If your desire is to help people who are living in poverty, wages are off target; see previous discussion about demographics of those living in poverty.
This is simply begging the question. Let’s take John Smith, low wage earner, who is only valued at $6/hr on the market. John needs, say $15/hr, to live. This is a problem for John, and arguably for society in general, to take care of the deficit between John’s earning capacity and his needs.
Ultravires, Inc. is not responsible for John’s lot in life. I did nothing to help or hinder him. I am not any more or less responsible for his earning capacity if Ultravires, Inc. is teetering on bankruptcy, or I, as CEO, am swimming in gold. John’s lot in life is caused by matters external to Ultravires, Inc. Indeed, I am free not to hire him at all and if he starves in the street, nobody comes looking for me.

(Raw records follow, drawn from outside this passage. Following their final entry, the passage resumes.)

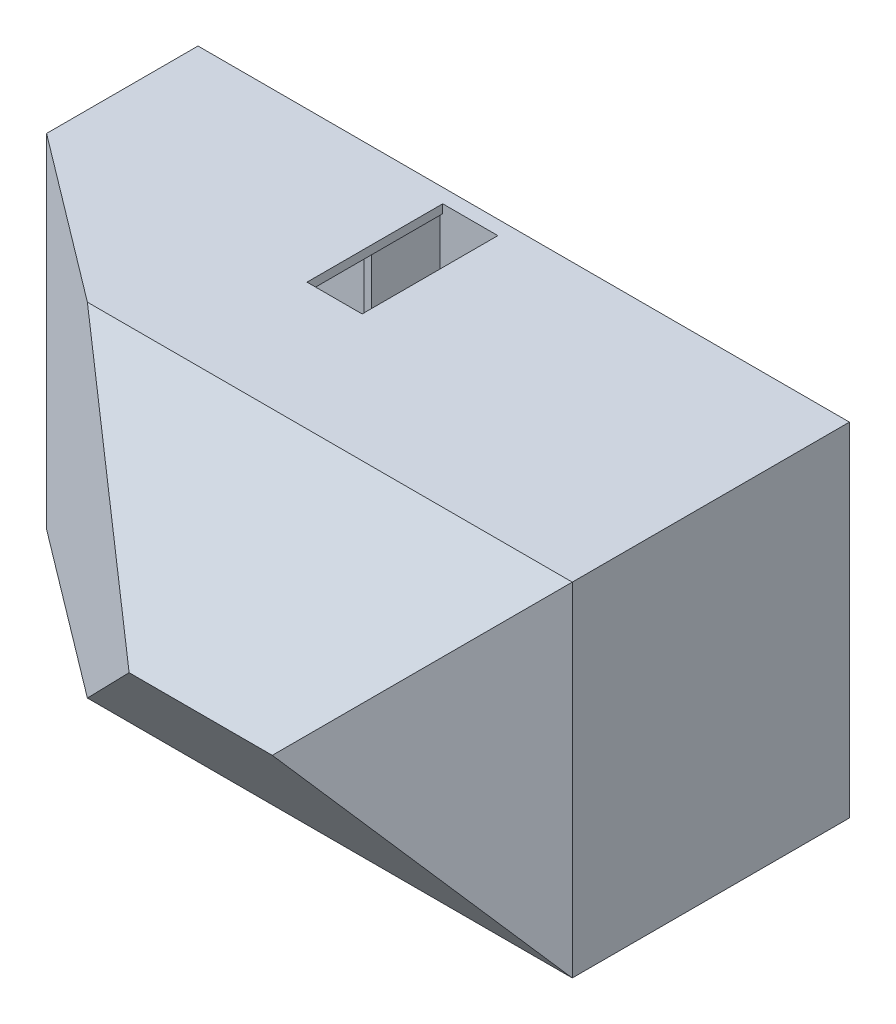
from build123d import *

# Parameters (mm, degrees)
SKETCH3_W                        = 11582.4
SKETCH3_H                        = 6096
SKETCH3_W_2                      = 3708.4
SKETCH3_H_2                      = 2342.798643186
SKETCH3_H_3                      = 2330.801356814
BOSS_EXTRUDE1_DEPTH              = 2438.4
SKETCH4_W                        = 11582.4
SKETCH4_H                        = 6096
BOSS_EXTRUDE2_DEPTH              = 254
BOSS_EXTRUDE3_DEPTH              = 914.4
SKETCH9_W                        = 865.543163862
SKETCH9_H                        = 991.415413209
CUT_EXTRUDE1_DEPTH               = 308.356
BOSS_EXTRUDE4_REACH              = 13183.499
BOSS_EXTRUDE7_DEPTH              = 254
BOSS_EXTRUDE7_DEPTH_BACK         = 25.4
CUT_EXTRUDE2_REACH               = 12509.597
BOSS_EXTRUDE8_DEPTH              = 1981.2
BOSS_EXTRUDE9_DEPTH              = 152.4
BOSS_EXTRUDE10_DEPTH             = 11509.502
BOSS_EXTRUDE11_REACH             = 14825.941
SKETCH17_W                       = 9126.052100072
SKETCH17_H                       = 6096
CUT_EXTRUDE3_DEPTH               = 3950.208
SKETCH18_W                       = 6162.012197425
SKETCH18_H                       = 5468.61546298
CUT_EXTRUDE4_DEPTH               = 3950.208
SKETCH19_W                       = 10778.647149002
SKETCH19_H                       = 6356.86992093
CUT_EXTRUDE5_DEPTH               = 3950.208
BOSS_EXTRUDE12_REACH             = 13849.543
SKETCH20_W                       = 3454.4
SKETCH20_H                       = 101.6
BOSS_EXTRUDE13_REACH             = 13849.543
SKETCH21_W                       = 101.6
SKETCH21_H                       = 1651
SKETCH22_W                       = 532.624565481
SKETCH22_H                       = 1281.986841564
CUT_EXTRUDE7_DEPTH               = 1185.672
SKETCH23_W                       = 128.189543518
SKETCH23_H                       = 2423.836870905
BOSS_EXTRUDE14_DEPTH             = 1219.2
BOSS_EXTRUDE15_REACH             = 14294.145
SKETCH24_W                       = 128.189543518
SKETCH24_H                       = 134.329985605
BOSS_EXTRUDE18_DEPTH             = 2399.284
BOSS_EXTRUDE18_DEPTH_BACK        = 2122.678
SKETCH26_W                       = 128.189543518
SKETCH26_H                       = 159.351168061
BOSS_EXTRUDE19_DEPTH             = 4241.8
BOSS_EXTRUDE19_DEPTH_BACK        = 3574.034
SKETCH27_W                       = 159.351168061
SKETCH27_H                       = 134.329985605
SKETCH33_W                       = 159.351168061
SKETCH33_H                       = 110.164485909
BOSS_EXTRUDE22_DEPTH             = 2592.07
BOSS_EXTRUDE23_DEPTH             = 2412.746
BOSS_EXTRUDE23_DEPTH_BACK        = 3589.528
SKETCH34_W                       = 128.189543518
SKETCH34_H                       = 150.52485229
BOSS_EXTRUDE24_REACH             = 11698.577
SKETCH35_W                       = 147.733032468
SKETCH35_H                       = 225.221764686
BOSS_EXTRUDE24_DIRECTION_2_DEPTH = 3311.398
SKETCH36_W                       = 117.495674419
SKETCH36_H                       = 147.733032468
BOSS_EXTRUDE25_DEPTH             = 2412.746
BOSS_EXTRUDE26_REACH             = 13768.706
SKETCH37_W                       = 172.313632774
SKETCH37_H                       = 139.095631101
BOSS_EXTRUDE27_DEPTH             = 3289.554
BOSS_EXTRUDE27_DEPTH_BACK        = 2668.016
SKETCH42_W                       = 172.313632774
SKETCH42_H                       = 147.733032468
SKETCH43_W                       = 171.607694654
SKETCH43_H                       = 159.351168061
BOSS_EXTRUDE28_DEPTH             = 3409.442
BOSS_EXTRUDE29_START             = 3519.763129095
BOSS_EXTRUDE29_DEPTH             = 134.329985605
SKETCH25_W                       = 5842
SKETCH25_H                       = 152.4
BOSS_EXTRUDE17_DEPTH             = 2235.2
BOSS_EXTRUDE20_REACH             = 14825.941
SKETCH29_W                       = 4249.880047705
SKETCH29_H                       = 6867.48766491
CUT_EXTRUDE8_DEPTH               = 4333.494
SKETCH30_W                       = 5475.233712052
SKETCH30_H                       = 5083.463062498
CUT_EXTRUDE9_DEPTH               = 4333.494
SKETCH31_W                       = 5267.827918063
SKETCH31_H                       = 4526.494518998
CUT_EXTRUDE10_DEPTH              = 4333.494
BOSS_EXTRUDE21_DEPTH             = 2687.32
SKETCH38_W                       = 5170.59012186
SKETCH38_H                       = 1946.673235559
CUT_EXTRUDE11_DEPTH              = 2412.746
SKETCH39_W                       = 8812.500446969
SKETCH39_H                       = 7026.305940655
CUT_EXTRUDE12_DEPTH              = 2412.746
SKETCH40_W                       = 7455.191850554
SKETCH40_H                       = 6034.724471262
CUT_EXTRUDE13_DEPTH              = 2412.746
SKETCH41_W                       = 6175.122976302
SKETCH41_H                       = 7375.841332805
CUT_EXTRUDE14_DEPTH              = 2412.746
SKETCH45_W                       = 5842
SKETCH45_H                       = 152.4
BOSS_EXTRUDE30_DEPTH             = 2235.2
SKETCH46_W                       = 6467.572168299
SKETCH46_H                       = 1492.516654223
CUT_EXTRUDE15_DEPTH              = 2235.2
SKETCH47_W                       = 980.476105055
SKETCH47_H                       = 2413
CUT_EXTRUDE16_DEPTH              = 2235.2
SKETCH48_W                       = 980.476105055
SKETCH48_H                       = 2413
CUT_EXTRUDE17_DEPTH              = 463.804
SKETCH49_W                       = 841.116574167
SKETCH49_H                       = 2290.952430173
CUT_EXTRUDE18_DEPTH              = 463.804
SKETCH50_W                       = 859.629187762
SKETCH50_H                       = 2304.601646796
CUT_EXTRUDE19_DEPTH              = 463.804
SKETCH51_W                       = 859.629187762
SKETCH51_H                       = 2304.601646796
CUT_EXTRUDE20_DEPTH              = 463.804
SKETCH52_W                       = 926.009779554
SKETCH52_H                       = 2273.025271102
CUT_EXTRUDE21_DEPTH              = 463.804


# Read off the part's stored shape, not the designer's step: Boss-Extrude29
with BuildPart() as part:
    # Sketch3 → Boss-Extrude1 (new body)
    with BuildSketch(Plane.XY):
        with Locations((5791.2, 3048)):
            Rectangle(SKETCH3_W, SKETCH3_H)
        Polygon((6096, 2495.198643186), (7620, 2495.198643186), (7620, 152.4), (7421.082242954, 152.4), (6096, 152.4), align=None, mode=Mode.SUBTRACT)
        with Locations((9575.8, 1323.799321593)):
            Rectangle(SKETCH3_W_2, SKETCH3_H_2, mode=Mode.SUBTRACT)
        Polygon((4452.687217937, 152.4), (152.4, 152.4), (152.4, 2489.2), (3454.4, 2489.2), (3454.4, 2590.8), (152.4, 2590.8), (152.4, 5943.6), (5973.282242954, 5943.6), (6074.882242954, 5943.6), (7620, 5943.6), (7620, 3621.363129095), (7620, 3519.763129095), (10289.03652981, 3519.763129095), (10390.63652981, 3519.763129095), (11430, 3511.198643186), (11430, 2596.798643186), (10390.63652981, 2605.363129095), (10289.03652981, 2605.363129095), (7620, 2605.363129095), (5994.4, 2605.363129095), (5994.4, 152.4), (4554.287217937, 152.4), (4554.287217937, 1803.4), (4452.687217937, 1803.4), align=None, mode=Mode.SUBTRACT)
        with Locations((9575.8, 4778.199321593)):
            Rectangle(SKETCH3_W_2, SKETCH3_H_3, mode=Mode.SUBTRACT)
    extrude(amount=BOSS_EXTRUDE1_DEPTH)

    # Sketch4 → Boss-Extrude2 (add)
    with BuildSketch(Plane(origin=(0, 0, 0), x_dir=(-1, 0, 0), z_dir=(0, 0, -1))):
        with Locations((-5791.2, 3048)):
            Rectangle(SKETCH4_W, SKETCH4_H)
    extrude(amount=BOSS_EXTRUDE2_DEPTH)

    # Sketch8 → Boss-Extrude3 (add)
    with BuildSketch(Plane.XZ.offset(-3519.763129095)):
        Polygon((8686.8, 0), (9986.551476605, 1788.954433505), (10397.644155821, 2354.774964816), (11430, 2354.774964816), (11430, 2226.612273299), (10461.509143073, 2226.612273299), (10046.955380129, 1656.027968919), (8843.780633142, 0), align=None)
    extrude(amount=BOSS_EXTRUDE3_DEPTH)

    # Sketch9 → Cut-Extrude1 (cut)
    with BuildSketch(Plane(origin=(22.172535688, 2690.800578374, 0), x_dir=(0.9999660518909057, -0.008239846219105333, 0), z_dir=(0.008239846219105333, 0.9999660518909057, 0))):
        with Locations((10967.071485942, -1942.692293396)):
            Rectangle(SKETCH9_W, SKETCH9_H)
    extrude(amount=-CUT_EXTRUDE1_DEPTH, mode=Mode.SUBTRACT)

    # Boss-Extrude4: up to this plane
    boss_extrude4_end = Plane(origin=(10553.574014115, 2295.654035243, 1446.984586791), z_dir=(-0.9999660518909057, 0.008239846219105333, 0))
    # Sketch10 → Boss-Extrude4 (add, up to the surface)
    with BuildSketch(Plane.ZY.offset(-11430), mode=Mode.PRIVATE) as boss_extrude4_sk1:
        Polygon((1446.984586791, 2605.363129095), (2438.4, 1423.840248649), (2438.4, 1313.675762741), (1446.984586791, 2495.198643186), (1319.984586791, 2495.198643186), (1319.984586791, 2605.363129095), align=None)
    boss_extrude4_tool1 = split(extrude(boss_extrude4_sk1.sketch, amount=BOSS_EXTRUDE4_REACH, mode=Mode.PRIVATE), bisect_by=boss_extrude4_end, keep=Keep.BOTH, mode=Mode.PRIVATE)
    add(boss_extrude4_tool1.solids().sort_by_distance((11430, 2026.602483, 1879.192293))[0])

    # Sketch11 → Boss-Extrude7 (add, two sides: drawn at the far end of the back side and taken through both)
    with BuildSketch(Plane.XY.offset(2438.4).offset(-BOSS_EXTRUDE7_DEPTH_BACK)):
        Polygon((5994.4, 2605.363129095), (5994.4, 0), (11582.4, 0), (11582.4, 1423.840248649), (11582.4, 3612.798643186), (11582.4, 6096), (7620, 6096), (5994.4, 6096), (5994.4, 5943.6), (7620, 5943.6), (7620, 3519.763129095), (7620, 2605.363129095), align=None)
        Polygon((11430, 1423.840248649), (10546.390158704, 1423.840248649), (10556.114820136, 2603.999567139), (9336.915582645, 2605.363129095), (9336.915582645, 3519.763129095), (11430, 3511.198643186), align=None, mode=Mode.SUBTRACT)
    extrude(amount=BOSS_EXTRUDE7_DEPTH + BOSS_EXTRUDE7_DEPTH_BACK)

    # Cut-Extrude2: up to this plane
    cut_extrude2_end = Plane(origin=(11430, 0, 2438.4), z_dir=(-1, 0, 0))
    # Sketch12 → Cut-Extrude2 (cut, up to the surface)
    with BuildSketch(Plane(origin=(10533.942284448, -86.801011235, 0), x_dir=(0, 0, -1), z_dir=(0.9999660518909057, -0.008239846219105333, 0)), mode=Mode.PRIVATE) as cut_extrude2_sk1:
        Polygon((-2438.4, 1519.229106813), (-2692.4, 1216.533970571), (-2692.4, 1519.229106813), align=None)
    cut_extrude2_tool1 = split(extrude(cut_extrude2_sk1.sketch, amount=CUT_EXTRUDE2_REACH, mode=Mode.PRIVATE), bisect_by=cut_extrude2_end, keep=Keep.BOTH, mode=Mode.PRIVATE)
    add(cut_extrude2_tool1.solids().sort_by_distance((10545.629112, 1331.481567, 2607.733333))[0], mode=Mode.SUBTRACT)

    # Sketch13 → Boss-Extrude8 (add)
    with BuildSketch(Plane.XY.offset(2692.4)):
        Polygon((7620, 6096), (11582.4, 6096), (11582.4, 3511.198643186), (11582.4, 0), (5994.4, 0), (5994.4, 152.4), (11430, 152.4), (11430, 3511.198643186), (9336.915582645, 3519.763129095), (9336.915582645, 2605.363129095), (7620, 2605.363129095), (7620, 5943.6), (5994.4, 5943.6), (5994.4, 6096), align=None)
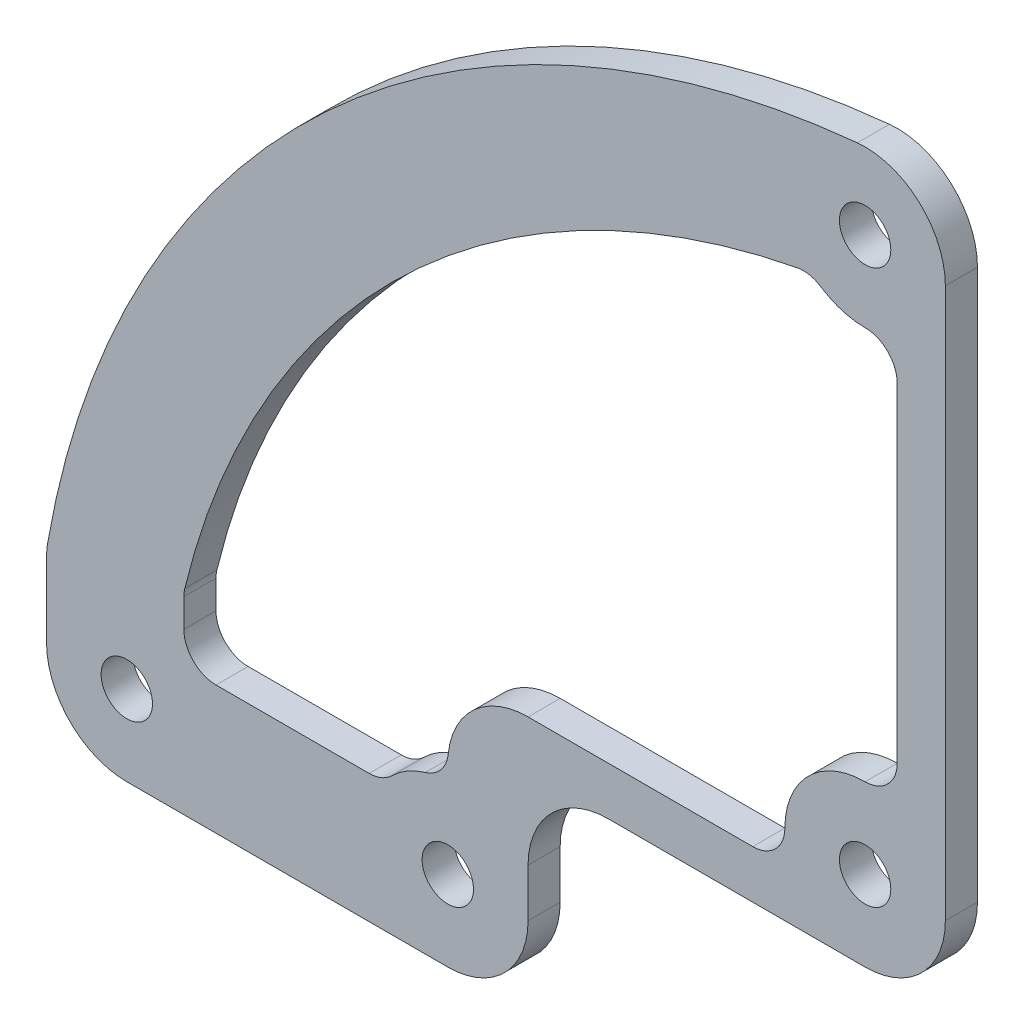
from build123d import *

# Parameters (mm, degrees)
SKETCH_1_R      = 1.6
EXTRUDE_1_DEPTH = 2
FILLET_1_R      = 5
FILLET_2_R      = 2


with BuildPart() as part:
    # ｽｹｯﾁ1 → ﾎﾞｽ - 押し出し1 (new body)
    with BuildSketch(Plane.XY):
        with BuildLine():
            Line((-30, 10), (-30, 0))
            Line((-30, 0), (0, 0))
            Line((0, 0), (0, 13))
            Line((0, 13), (26, 13))
            Line((26, 13), (26, 57.5))
            ThreePointArc((26, 57.5), (-10.715970639, 44.025670649), (-30, 10))
        make_face()
        with Locations((-25, 5)):
            Circle(SKETCH_1_R, mode=Mode.SUBTRACT)
        with Locations((-5, 5)):
            Circle(SKETCH_1_R, mode=Mode.SUBTRACT)
        with Locations((21, 18)):
            Circle(SKETCH_1_R, mode=Mode.SUBTRACT)
        with Locations((21, 52.5)):
            Circle(SKETCH_1_R, mode=Mode.SUBTRACT)
        with BuildLine():
            Line((-5, 11), (-5, 10))
            ThreePointArc((-5, 10), (-7.236067977, 9.472135955), (-9, 8))
            Line((-9, 8), (-21.442485956, 8))
            Line((-21.442485956, 8), (-21.442485956, 12))
            ThreePointArc((-21.442485956, 12), (-7.409474557, 36.255609967), (17.657876922, 48.781100521))
            ThreePointArc((17.657876922, 48.781100521), (19.210376771, 47.83124763), (21, 47.5))
            Line((21, 47.5), (23, 47.5))
            Line((23, 47.5), (23, 23))
            Line((23, 23), (21, 23))
            ThreePointArc((21, 23), (17.464466094, 21.535533906), (16, 18))
            Line((16, 18), (16, 16))
            Line((16, 16), (0, 16))
            ThreePointArc((0, 16), (-3.535533906, 14.535533906), (-5, 11))
        make_face(mode=Mode.SUBTRACT)
    extrude(amount=EXTRUDE_1_DEPTH)

    # ﾌｨﾚｯﾄ1
    fillet_1_edges = [part.edges().sort_by_distance(p)[0] for p in [
        (26, 57.5, 1),
        (26, 13, 1),
        (0, 13, 1),
        (0, 0, 1),
        (-30, 0, 1),
        (-30, 10, 1),
    ]]
    fillet(fillet_1_edges, radius=FILLET_1_R)

    # ﾌｨﾚｯﾄ2
    fillet_2_edges = [part.edges().sort_by_distance(p)[0] for p in [
        (17.657876922, 48.781100521, 1),
        (23, 47.5, 1),
        (16, 16, 1),
        (23, 23, 1),
        (-5, 10, 1),
        (-9, 8, 1),
        (-21.442485956, 8, 1),
        (-21.442485956, 12, 1),
    ]]
    fillet(fillet_2_edges, radius=FILLET_2_R - 0.0001)  # a hair under: the kernel refuses the full size


solid = part.part

This situation does not change if I hire John for $6/hr. If anything, I have removed the burden from society as it now only needs to contribute $9/hr instead of the full $15 for John’s welfare. The employment agreement between Ultravires, Inc. and John Smith does not (or at least should not) give rise to any special responsibility to provide his needs. It is simply an agreed upon exchange at a market rate: I am getting his labor valued at $6/hr and am paying him that.
Why, morally or otherwise, did Ultravires, Inc. agree to take on John as a ward by simply employing him and alleviating at least part of his poverty?
ETA: In short, the only way Bill is “subsidizing” my business is if I had a moral duty to provide for John in the first place.
Do you like roads? Police forces? Laws that penalize theft and etc? If so, it appears you like the benefits of society and are making use of them. If you want the benefits, you have a duty to provide for the costs.
Things like the minimum wage, OSHA requirements, etc are part of the costs associated with a well functioning society. As soon as you exist in a void without any benefit from society at all, you can make such arguments.
Russia has no obligation to buy a homeless American food. Americans do.
More question begging. Should the business owner have to provide the “well functioning society” in the context of paying a certain wage so that the employee has sufficient means to support himself?
I also like laws that penalize theft. Does society require a contribution from business owners, rich and bankrupt alike, to prevent theft?
OSHA requirements are a different argument and just because you (and others) put them in a comma delineated list does not make them the same.